The carved oak pulpit was dedicated in June 1910 and was donated by Mrs Boutcher and Miss Ethel Mary Aspinall in memory of their brother, John Aspinall (1883–1904). The carving was by Miss Aspinall.

==Porch==
The porch has a pointed arch opening, with rosettes to reveals, and a decorative ogee arch surround with blind niches. On the east wall there is a carved stone Holy water stoup. On the west wall there is a Norman capital of a colonnette above which is a carved stone panel depicting the Agnus Dei thought to be the centre of a tympanum. Two Norman colonnettes, with Romanesque capitals are incorporated into the wall on each side of the doorway. The doorway has a Norman style arch with zig-zag decoration that was added in 1883.

==Tower==
The mid-15th century, three stage crenellated west tower is constructed of local stone and has four Crocketed Pinnacles. The granite setback buttresses are terminated by crockets. The west door of the tower is a Four-centred arch with hoodmould and label stops. The tower is 85.75 ft high.

A spiral granite stairway provides access to the upper three levels of the tower. From the ringing floor the steps ascend to the clock room. A clock was first mentioned in the Churchwarden's accounts of 1690. The present clock was installed in 1869 and is by Gillett and Bland Steam Clock Factory, Croydon. A mechanism to chime the Westminster quarters was added in 1873. The clock used to be wound daily by hand by three separate movements; one each for the hours, minutes and the chimes. It is now electrically wound. The clock room also houses the electronic equipment of the carillon. From the clock room the steps lead to the belfry. In 1553 there were three bells and in 1727 there were five. in 1826 eight new bells, cast by Thomas Mears II of the Whitechapel Bell Foundry, were installed. Their size ranged from 26.5 in to 42.5 in. In 1949 the bells were recast with increased weight. The inscriptions from the old bells were cast onto the new ones and all the bells have 'Gillett & Johnston Croydon 1949' inscribed on their top band. The bells were re-hung onto a new steel framework. At the same time a new carillon, also by Gillett & Johnston, was installed. The whole work was re-dedicated by Robert Mortimer (Bishop of Exeter).

Bell 5 'Given by the family of the late Rector, Owen Lewis Meyrick, consisting of two sons and four daughters, 1826.'

Bell 6 'The expense incurred by placing a set of eight Bells in this tower was defrayed by a Subscription, which was raised through the persevering exertions of Francis Thorne, and his Nephew Francis Thorne Honey, 1826.'

Bell 7 'E Dono Humphredi P. Davie, Baronetti, A.D. MDCCCXXVI.'

Bell 8 'The gift of Philip Henry Earl of Stanhope, 1826.'

From the belfry, the steps climb to a doorway about 4 ft high that gives access to the roof.

==Organ==
The organ is said to be by Renatus Harris and to have come from Chelsea Old Church (also known as All Saints).

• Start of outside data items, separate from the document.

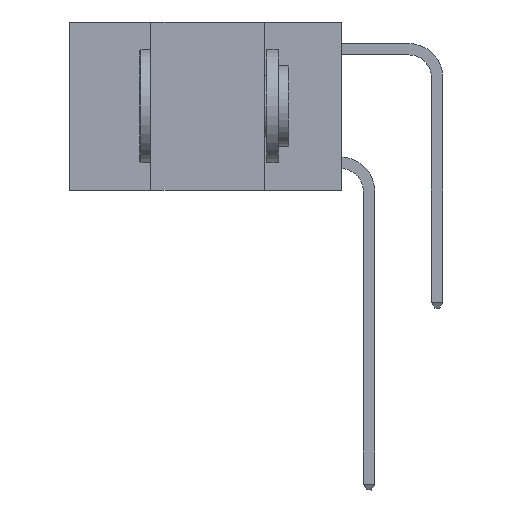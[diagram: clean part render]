
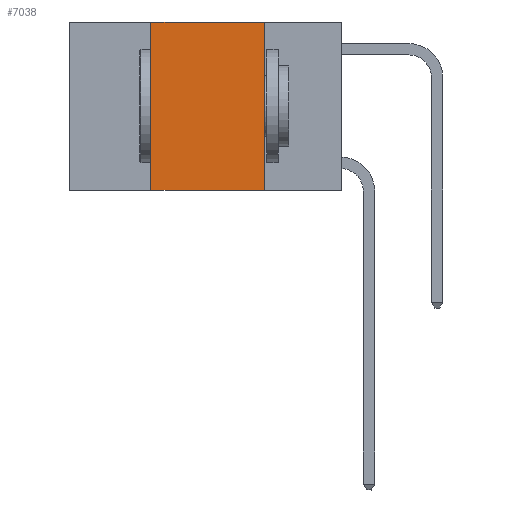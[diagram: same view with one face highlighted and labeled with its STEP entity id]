
A CAD part, left-side view. The second image highlights one B-rep face of the part: STEP entity #7038.
In plain terms, the highlighted planar face has unit normal (-1, 0, 0).
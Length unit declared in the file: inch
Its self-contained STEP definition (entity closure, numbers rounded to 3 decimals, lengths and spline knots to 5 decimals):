
#92 = CARTESIAN_POINT ( 'NONE',  ( 0., 0.6, 0. ) ) ;
#1050 = EDGE_CURVE ( 'NONE', #3976, #10719, #27670, .T. ) ;
#1162 = CARTESIAN_POINT ( 'NONE',  ( 0., 0.6, -0.37 ) ) ;
#2050 = PLANE ( 'NONE',  #10313 ) ;
#2700 = EDGE_CURVE ( 'NONE', #10719, #15572, #4401, .T. ) ;
#3976 = VERTEX_POINT ( 'NONE', #21681 ) ;
#4401 = LINE ( 'NONE', #17654, #14899 ) ;
#5283 = VERTEX_POINT ( 'NONE', #16048 ) ;
#7038 = ADVANCED_FACE ( 'NONE', ( #11741 ), #2050, .F. ) ;
#7355 = VECTOR ( 'NONE', #13178, 39.37008 ) ;
#9210 = LINE ( 'NONE', #16425, #22406 ) ;
#10313 = AXIS2_PLACEMENT_3D ( 'NONE', #25278, #11422, #13576 ) ;
#10719 = VERTEX_POINT ( 'NONE', #20478 ) ;
#11422 = DIRECTION ( 'NONE',  ( 1., 0., 0. ) ) ;
#11496 = ORIENTED_EDGE ( 'NONE', *, *, #2700, .F. ) ;
#11741 = FACE_OUTER_BOUND ( 'NONE', #26700, .T. ) ;
#12899 = EDGE_CURVE ( 'NONE', #5283, #15572, #14999, .T. ) ;
#12961 = CARTESIAN_POINT ( 'NONE',  ( 0., 0.17, -0.37 ) ) ;
#13178 = DIRECTION ( 'NONE',  ( 0., -1., 0. ) ) ;
#13206 = DIRECTION ( 'NONE',  ( 0., 0., -1. ) ) ;
#13576 = DIRECTION ( 'NONE',  ( 0., 0., -1. ) ) ;
#14899 = VECTOR ( 'NONE', #13206, 39.37008 ) ;
#14999 = LINE ( 'NONE', #1162, #7355 ) ;
#15572 = VERTEX_POINT ( 'NONE', #12961 ) ;
#15810 = VECTOR ( 'NONE', #26407, 39.37008 ) ;
#16048 = CARTESIAN_POINT ( 'NONE',  ( 0., 0.42, -0.37 ) ) ;
#16425 = CARTESIAN_POINT ( 'NONE',  ( 0., 0.42, 0. ) ) ;
#17654 = CARTESIAN_POINT ( 'NONE',  ( 0., 0.17, 0. ) ) ;
#17734 = ORIENTED_EDGE ( 'NONE', *, *, #1050, .F. ) ;
#20478 = CARTESIAN_POINT ( 'NONE',  ( 0., 0.17, 0. ) ) ;
#21681 = CARTESIAN_POINT ( 'NONE',  ( 0., 0.42, 0. ) ) ;
#22406 = VECTOR ( 'NONE', #25692, 39.37008 ) ;
#22830 = ORIENTED_EDGE ( 'NONE', *, *, #29552, .F. ) ;
#24794 = ORIENTED_EDGE ( 'NONE', *, *, #12899, .T. ) ;
#25278 = CARTESIAN_POINT ( 'NONE',  ( 0., 0.6, 0. ) ) ;
#25692 = DIRECTION ( 'NONE',  ( 0., 0., 1. ) ) ;
#26407 = DIRECTION ( 'NONE',  ( 0., -1., 0. ) ) ;
#26700 = EDGE_LOOP ( 'NONE', ( #11496, #17734, #22830, #24794 ) ) ;
#27670 = LINE ( 'NONE', #92, #15810 ) ;
#29552 = EDGE_CURVE ( 'NONE', #5283, #3976, #9210, .T. ) ;
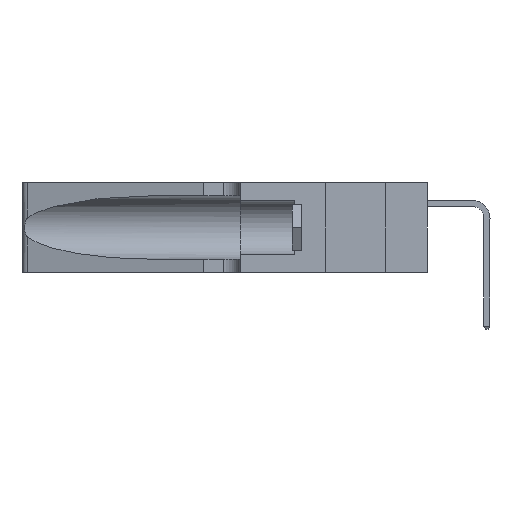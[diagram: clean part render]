
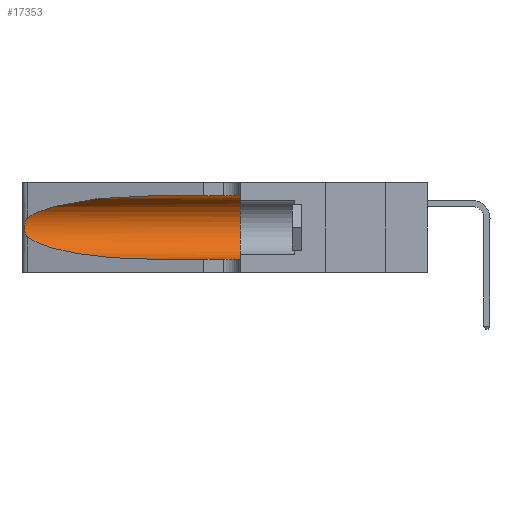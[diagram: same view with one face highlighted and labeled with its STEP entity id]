
A CAD part, left-side view. The second image highlights one B-rep face of the part: STEP entity #17353.
In plain terms, the highlighted cylindrical face has radius 3.308 mm (diameter 6.617 mm), a partial arc.
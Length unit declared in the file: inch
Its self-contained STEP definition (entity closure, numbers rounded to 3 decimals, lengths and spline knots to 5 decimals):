
#275 = VERTEX_POINT ( 'NONE', #21883 ) ;
#1061 = EDGE_CURVE ( 'NONE', #2499, #4854, #22067, .T. ) ;
#1172 = CARTESIAN_POINT ( 'NONE',  ( 0.26017, 1.23833, 0.17102 ) ) ;
#1542 = ORIENTED_EDGE ( 'NONE', *, *, #15068, .T. ) ;
#1618 = CARTESIAN_POINT ( 'NONE',  ( 0.25487, 1.22718, 0.22369 ) ) ;
#1775 = ORIENTED_EDGE ( 'NONE', *, *, #20882, .T. ) ;
#2105 = CIRCLE ( 'NONE', #16127, 0.13025 ) ;
#2499 = VERTEX_POINT ( 'NONE', #14712 ) ;
#2921 = CARTESIAN_POINT ( 'NONE',  ( 0.25789, 1.23486, 0.15765 ) ) ;
#4198 = CARTESIAN_POINT ( 'NONE',  ( 0.25487, 1.22718, 0.14631 ) ) ;
#4389 = ORIENTED_EDGE ( 'NONE', *, *, #12761, .T. ) ;
#4633 = CARTESIAN_POINT ( 'NONE',  ( 0.25555, 1.22993, 0.14849 ) ) ;
#4854 = VERTEX_POINT ( 'NONE', #21917 ) ;
#5382 = CARTESIAN_POINT ( 'NONE',  ( 0.1305, 0.35, 0.185 ) ) ;
#5383 = ORIENTED_EDGE ( 'NONE', *, *, #16917, .F. ) ;
#6157 = CYLINDRICAL_SURFACE ( 'NONE', #8412, 0.13025 ) ;
#6526 = CARTESIAN_POINT ( 'NONE',  ( 0.1305, 1.61858, 0.185 ) ) ;
#7172 = DIRECTION ( 'NONE',  ( 0., 0., 1. ) ) ;
#7277 = FACE_OUTER_BOUND ( 'NONE', #16391, .T. ) ;
#7745 = VECTOR ( 'NONE', #22199, 39.37008 ) ;
#7758 = CARTESIAN_POINT ( 'NONE',  ( 0.1305, 0.72297, 0.05475 ) ) ;
#7964 = CARTESIAN_POINT ( 'NONE',  ( 0.1305, 0.72297, 0.31525 ) ) ;
#8123 = CARTESIAN_POINT ( 'NONE',  ( 0.25787, 1.23484, 0.2124 ) ) ;
#8412 = AXIS2_PLACEMENT_3D ( 'NONE', #6526, #20170, #21791 ) ;
#8603 = CARTESIAN_POINT ( 'NONE',  ( 0.1305, 1.61858, 0.31525 ) ) ;
#8892 = CARTESIAN_POINT ( 'NONE',  ( 0.1305, 1.61858, 0.05475 ) ) ;
#9315 = VERTEX_POINT ( 'NONE', #9515 ) ;
#9515 = CARTESIAN_POINT ( 'NONE',  ( 0.1305, 0.72297, 0.31525 ) ) ;
#9593 = VECTOR ( 'NONE', #11465, 39.37008 ) ;
#9702 = CARTESIAN_POINT ( 'NONE',  ( 0.18966, 0.96281, 0.31525 ) ) ;
#9703 = ORIENTED_EDGE ( 'NONE', *, *, #18596, .F. ) ;
#9784 = CARTESIAN_POINT ( 'NONE',  ( 0.25487, 1.22718, 0.22369 ) ) ;
#9862 = CARTESIAN_POINT ( 'NONE',  ( 0.26018, 1.23835, 0.19895 ) ) ;
#11465 = DIRECTION ( 'NONE',  ( 0., -1., 0. ) ) ;
#11596 = CARTESIAN_POINT ( 'NONE',  ( 0.26075, 1.23896, 0.178 ) ) ;
#12339 = LINE ( 'NONE', #8603, #7745 ) ;
#12761 = EDGE_CURVE ( 'NONE', #21877, #2499, #19479, .T. ) ;
#13297 = CARTESIAN_POINT ( 'NONE',  ( 0.25856, 1.23593, 0.16098 ) ) ;
#14584 = CARTESIAN_POINT ( 'NONE',  ( 0.2373, 1.15595, 0.08982 ) ) ;
#14712 = CARTESIAN_POINT ( 'NONE',  ( 0.1305, 0.72297, 0.05475 ) ) ;
#14915 = CARTESIAN_POINT ( 'NONE',  ( 0.25487, 1.22718, 0.22369 ) ) ;
#14989 = CARTESIAN_POINT ( 'NONE',  ( 0.25639, 1.23186, 0.15144 ) ) ;
#15068 = EDGE_CURVE ( 'NONE', #9315, #18064, #15918, .T. ) ;
#15918 =( BOUNDED_CURVE ( )  B_SPLINE_CURVE ( 3, ( #7964, #9702, #19933, #9784 ),
 .UNSPECIFIED., .F., .F. ) 
 B_SPLINE_CURVE_WITH_KNOTS ( ( 4, 4 ),
 ( 1.5708, 2.84003 ),
 .UNSPECIFIED. ) 
 CURVE ( )  GEOMETRIC_REPRESENTATION_ITEM ( )  RATIONAL_B_SPLINE_CURVE ( ( 1., 0.87, 0.87, 1. ) ) 
 REPRESENTATION_ITEM ( '' )  );
#16127 = AXIS2_PLACEMENT_3D ( 'NONE', #5382, #17403, #7172 ) ;
#16391 = EDGE_LOOP ( 'NONE', ( #1542, #1775, #4389, #20571, #5383, #9703 ) ) ;
#16571 = CARTESIAN_POINT ( 'NONE',  ( 0.25487, 1.22718, 0.14631 ) ) ;
#16700 = CARTESIAN_POINT ( 'NONE',  ( 0.25487, 1.22718, 0.14631 ) ) ;
#16917 = EDGE_CURVE ( 'NONE', #275, #4854, #2105, .T. ) ;
#17353 = ADVANCED_FACE ( 'NONE', ( #7277 ), #6157, .F. ) ;
#17403 = DIRECTION ( 'NONE',  ( 0., 1., 0. ) ) ;
#17975 = CARTESIAN_POINT ( 'NONE',  ( 0.18966, 0.96281, 0.05475 ) ) ;
#18064 = VERTEX_POINT ( 'NONE', #1618 ) ;
#18178 = CARTESIAN_POINT ( 'NONE',  ( 0.25555, 1.22994, 0.2215 ) ) ;
#18321 = CARTESIAN_POINT ( 'NONE',  ( 0.25639, 1.23184, 0.21858 ) ) ;
#18596 = EDGE_CURVE ( 'NONE', #9315, #275, #12339, .T. ) ;
#19479 =( BOUNDED_CURVE ( )  B_SPLINE_CURVE ( 3, ( #4198, #14584, #17975, #7758 ),
 .UNSPECIFIED., .F., .T. ) 
 B_SPLINE_CURVE_WITH_KNOTS ( ( 4, 4 ),
 ( 3.44316, 4.71239 ),
 .UNSPECIFIED. ) 
 CURVE ( )  GEOMETRIC_REPRESENTATION_ITEM ( )  RATIONAL_B_SPLINE_CURVE ( ( 1., 0.87, 0.87, 1. ) ) 
 REPRESENTATION_ITEM ( '' )  );
#19933 = CARTESIAN_POINT ( 'NONE',  ( 0.2373, 1.15595, 0.28018 ) ) ;
#20007 = CARTESIAN_POINT ( 'NONE',  ( 0.25854, 1.2359, 0.20912 ) ) ;
#20170 = DIRECTION ( 'NONE',  ( 0., -1., 0. ) ) ;
#20571 = ORIENTED_EDGE ( 'NONE', *, *, #1061, .T. ) ;
#20882 = EDGE_CURVE ( 'NONE', #18064, #21877, #22140, .T. ) ;
#21709 = CARTESIAN_POINT ( 'NONE',  ( 0.26075, 1.23896, 0.19203 ) ) ;
#21791 = DIRECTION ( 'NONE',  ( 0., 0., -1. ) ) ;
#21877 = VERTEX_POINT ( 'NONE', #16571 ) ;
#21883 = CARTESIAN_POINT ( 'NONE',  ( 0.1305, 0.35, 0.31525 ) ) ;
#21917 = CARTESIAN_POINT ( 'NONE',  ( 0.1305, 0.35, 0.05475 ) ) ;
#22067 = LINE ( 'NONE', #8892, #9593 ) ;
#22140 = B_SPLINE_CURVE_WITH_KNOTS ( 'NONE', 3,
 ( #14915, #18178, #18321, #8123, #20007, #9862, #21709, #11596, #1172, #13297, #2921, #14989, #4633, #16700 ),
 .UNSPECIFIED., .F., .F.,
 ( 4, 2, 2, 2, 2, 2, 4 ),
 ( 0., 0.00027, 0.00053, 0.00107, 0.0016, 0.00187, 0.00214 ),
 .UNSPECIFIED. ) ;
#22199 = DIRECTION ( 'NONE',  ( 0., -1., 0. ) ) ;

It was removed to Bideford in 1723 and brought to Holsworthy in 1865. Over the next two years it was restored and enlarged by the organ builders Geek and Sons of Launceston, Cornwall. The organ was rededicated on 20 June 1867. On 27 June 1867 the organ was opened by Mr W B Gilbert of London whom the Western Times described as "one of the best organists of the day". In 1883–84, during the church renovation, the organ was renovated by Hale and company, of Plymouth. In 1926 it was overhauled and reduced in size.